Le vin «désalcoolisé» arrive gagnant
Tous les examens nécessaires ont été pratiqués en temps et en heure: mesures précises (systoliques et diastoliques) et répétées de la tension artérielle, paramètres anthropométriques et mesures biologiques au sein du plasma pour évaluer la qualité de l’oxygénation sanguine. Conclusion? Les deux chiffres tensionnels (systolique et diastolique) baissent de manière significative; mais ils baissent surtout après la consommation du vin dont on a extrait la fraction alcoolique. Pour les auteurs, aucun doute: la consommation quotidienne de vin rouge désalcoolisé pourrait être utile pour prévenir ou lutter contre les hypertensions faibles et modérées. Selon les auteurs de Barcelone, les polyphénols du vin (et non l’alcool) aurait cette propriété anti-hypertensive par l’intermédiaire de l’effet vasodilatateur du monoxyde d’azote.
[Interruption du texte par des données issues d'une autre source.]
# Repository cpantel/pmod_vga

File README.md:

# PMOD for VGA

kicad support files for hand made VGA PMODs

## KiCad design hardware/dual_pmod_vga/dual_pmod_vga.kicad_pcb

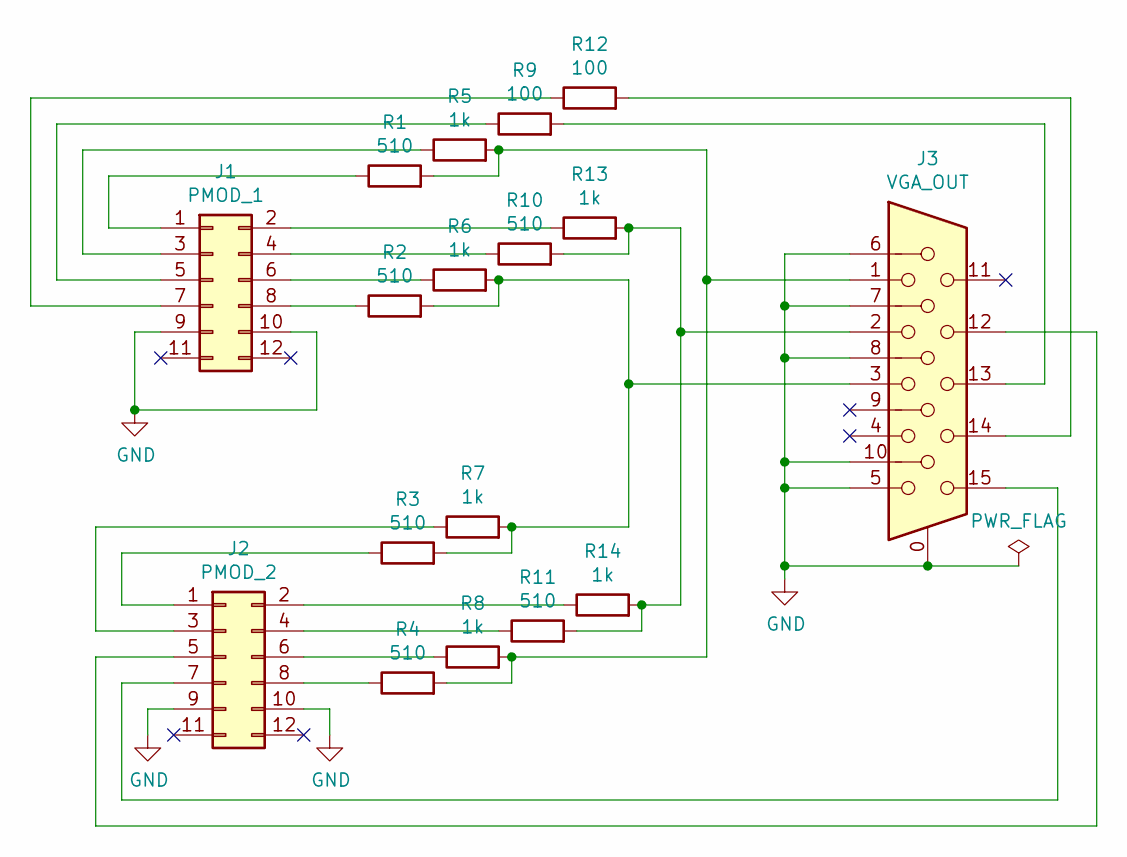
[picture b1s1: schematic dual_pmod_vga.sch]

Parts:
J1: PMOD_1; PinSocket_2x06_P1.27mm_Horizontal
J2: PMOD_2; PinSocket_2x06_P1.27mm_Horizontal
J3: VGA_OUT; DSUB-15-HD_Female_Horizontal_P2.29x1.98mm_EdgePinOffset8.35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
R1, R2, R3, R4, R10, R11: 510; R_Axial_DIN0204_L3.6mm_D1.6mm_P7.62mm_Horizontal
R5, R6, R7, R8, R13, R14: 1k; R_Axial_DIN0204_L3.6mm_D1.6mm_P7.62mm_Horizontal
R9, R12: 100; R_Axial_DIN0204_L3.6mm_D1.6mm_P7.62mm_Horizontal

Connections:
GND: J1.9, J1.10, J2.9, J2.10, J3.0, J3.5, J3.6, J3.7, J3.8, J3.10
unnamed: J1.1, R1.1
unnamed: J1.2, R13.1
unnamed: J1.3, R5.1
unnamed: J1.4, R10.1
unnamed: J1.5, R9.1
unnamed: J1.6, R6.1
unnamed: J1.7, R12.1
unnamed: J1.8, R2.1
unnamed: J2.1, R3.1
unnamed: J2.2, R14.1
unnamed: J2.3, R7.1
unnamed: J2.4, R11.1
unnamed: J2.5, J3.12
unnamed: J2.6, R8.1
unnamed: J2.7, J3.15
unnamed: J2.8, R4.1
unnamed: J3.1, R1.2, R4.2, R5.2, R8.2
unnamed: J3.2, R10.2, R11.2, R13.2, R14.2
unnamed: J3.3, R2.2, R3.2, R6.2, R7.2
unnamed: J3.13, R9.2
unnamed: J3.14, R12.2

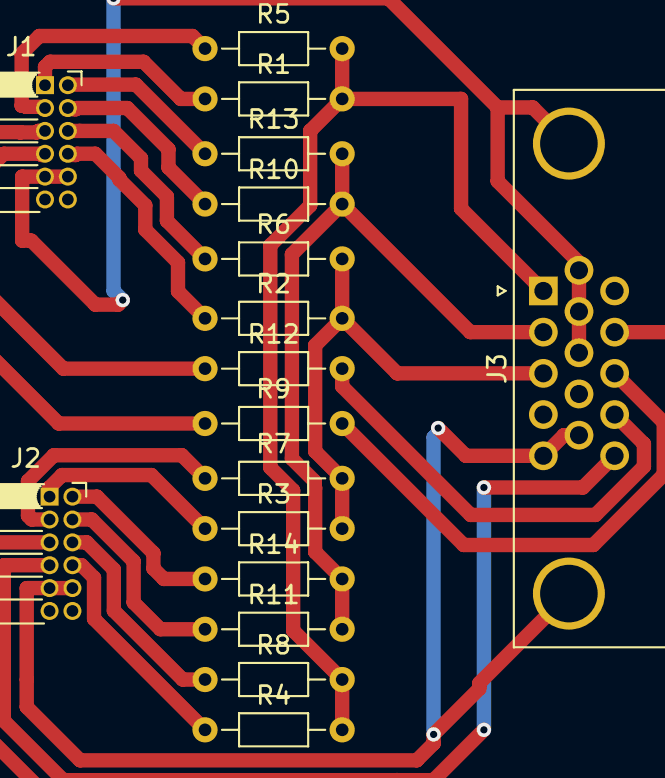
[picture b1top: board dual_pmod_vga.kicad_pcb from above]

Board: 2 copper layers, 17 parts (0 on the bottom side), 22 nets.

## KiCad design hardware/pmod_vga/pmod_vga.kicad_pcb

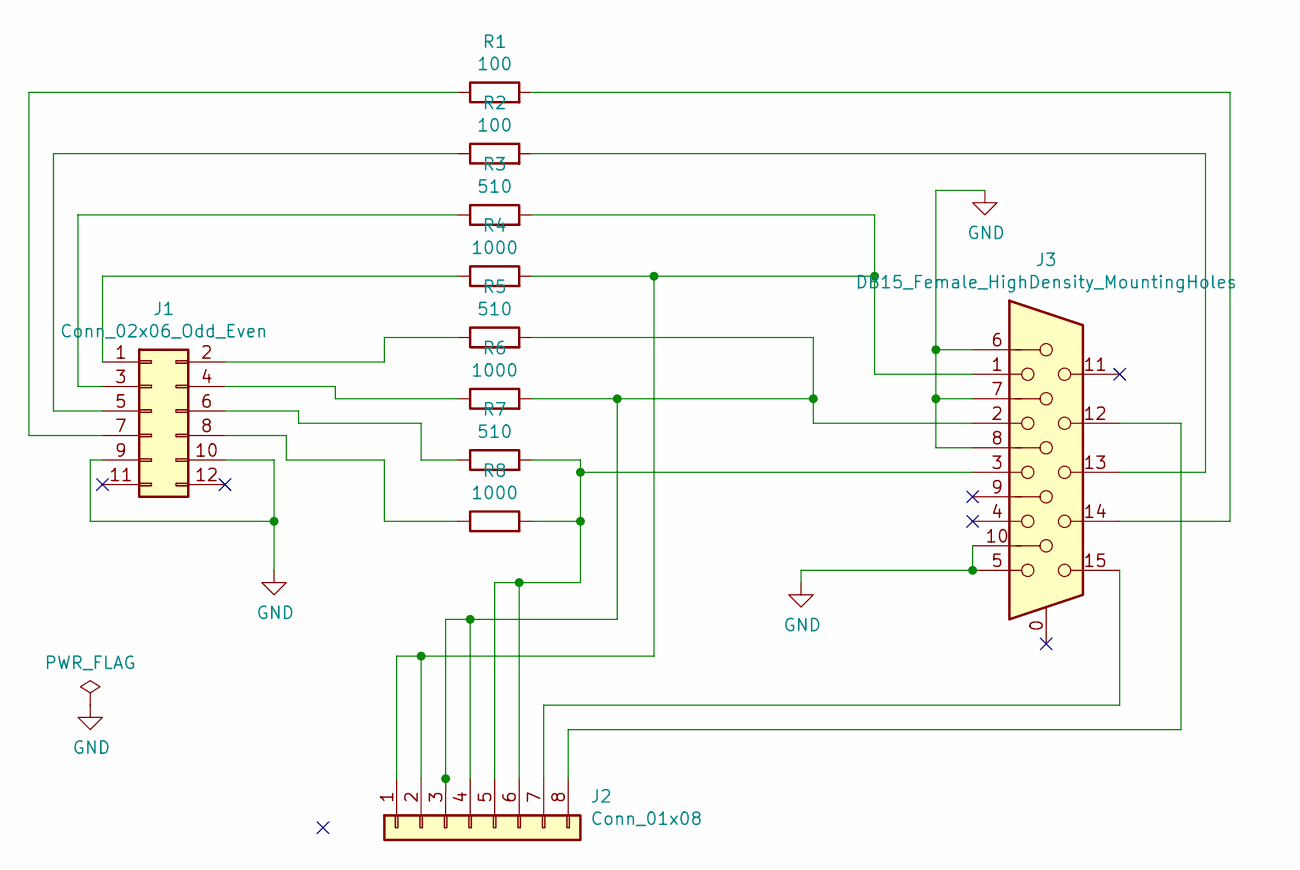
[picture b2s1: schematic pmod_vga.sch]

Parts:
J1: Conn_02x06_Odd_Even; PinHeader_2x06_P2.54mm_Vertical
J2: Conn_01x08; PinSocket_1x08_P2.54mm_Vertical
J3: DB15_Female_HighDensity_MountingHoles; DSUB-15-HD_Female_Horizontal_P2.29x1.98mm_EdgePinOffset8.35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
R1, R2: 100; R_Axial_DIN0204_L3.6mm_D1.6mm_P7.62mm_Horizontal
R3, R5, R7: 510; R_Axial_DIN0204_L3.6mm_D1.6mm_P7.62mm_Horizontal
R4, R6, R8: 1000; R_Axial_DIN0204_L3.6mm_D1.6mm_P7.62mm_Horizontal

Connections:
GND: J1.9, J1.10, J3.5, J3.6, J3.7, J3.8, J3.10
unnamed: J1.1, R4.1
unnamed: J1.2, R5.1
unnamed: J1.3, R3.1
unnamed: J1.4, R6.1
unnamed: J1.5, R2.1
unnamed: J1.6, R7.1
unnamed: J1.7, R1.1
unnamed: J1.8, R8.1
unnamed: J2.1, J2.2, J3.1, R3.2, R4.2
unnamed: J2.3, J2.4, J3.2, R5.2, R6.2
unnamed: J2.5, J2.6, J3.3, R7.2, R8.2
unnamed: J2.7, J3.15
unnamed: J2.8, J3.12
unnamed: J3.13, R2.2
unnamed: J3.14, R1.2

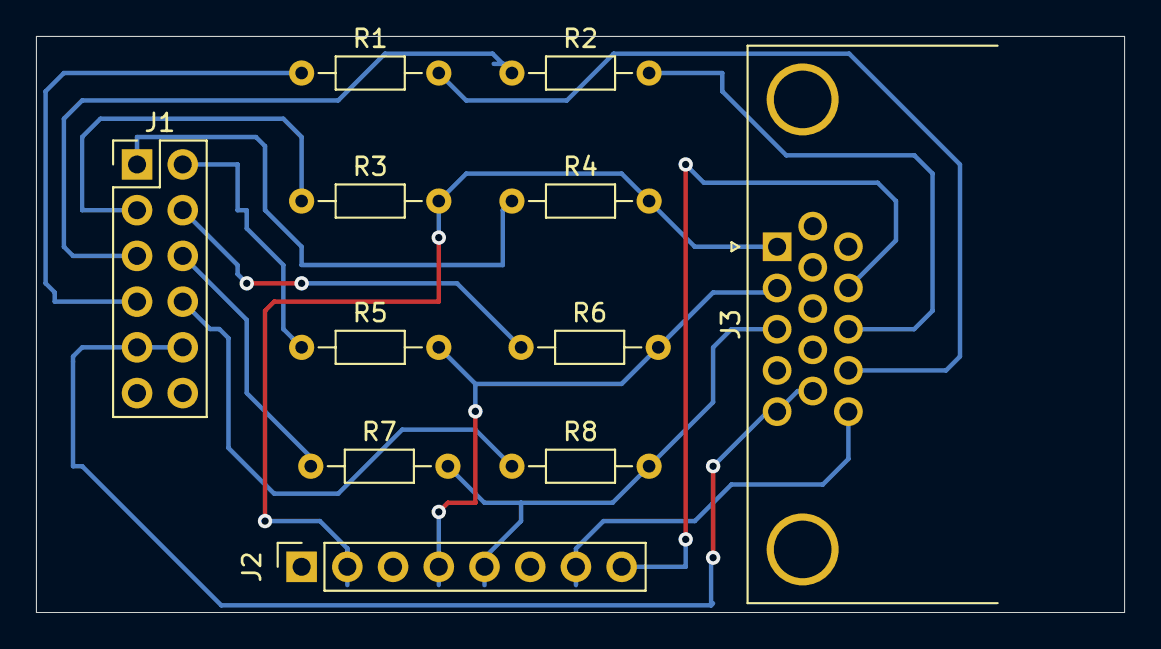
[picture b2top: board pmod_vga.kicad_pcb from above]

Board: 2 copper layers, 60.5 x 32.0 mm, 11 parts (0 on the bottom side), 16 nets.

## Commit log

2020-09-13 minor fixes

«Il y a eu de nombreuses études qui montrent les bienfaits cardiovasculaires associé à la consommation de vin rouge», explique Gemma Chiva-Branche. «Notre étude ne porte que sur la pression artérielle. Si vous voulez diminuer votre pression artérielle, boire du vin rouge sans alcool peut être une bonne mesure diététique». Le problème est que l’on ne peut pas parler, en toute rigueur, de «vin sans alcool». L’alcool est en effet consubstantiel au vin: «le vin est une boisson alcoolisée» obtenue par la fermentation du raisin, fruit, pour l’essentiel, de Vitis vinifera. En Europe, la définition légale fait valoir que le vin est le produit exclusif de la fermentation alcoolique, totale ou partielle, de raisins frais, pressés ou non, ou de moûts de raisins.
Comment, dès lors, pourrait-on prescrire des vins «désalcoolisés» aux hypertendus? Il faudra innover. Et parler peut-être de boisson, sinon de décoction, aux polyphénols. Le succès risque de ne pas être au rendez-vous. Les polyphénols d’une Romanée-Conti, d’un Haut-Brion, d’un Pinot noir du Valais voire d’un Bourgueil tinteraient peut-être mieux aux tympans des hypertendus. On peut imaginer que d’autres essais cliniques sont actuellement en cours d’élaboration, cette fois en France ou en Suisse.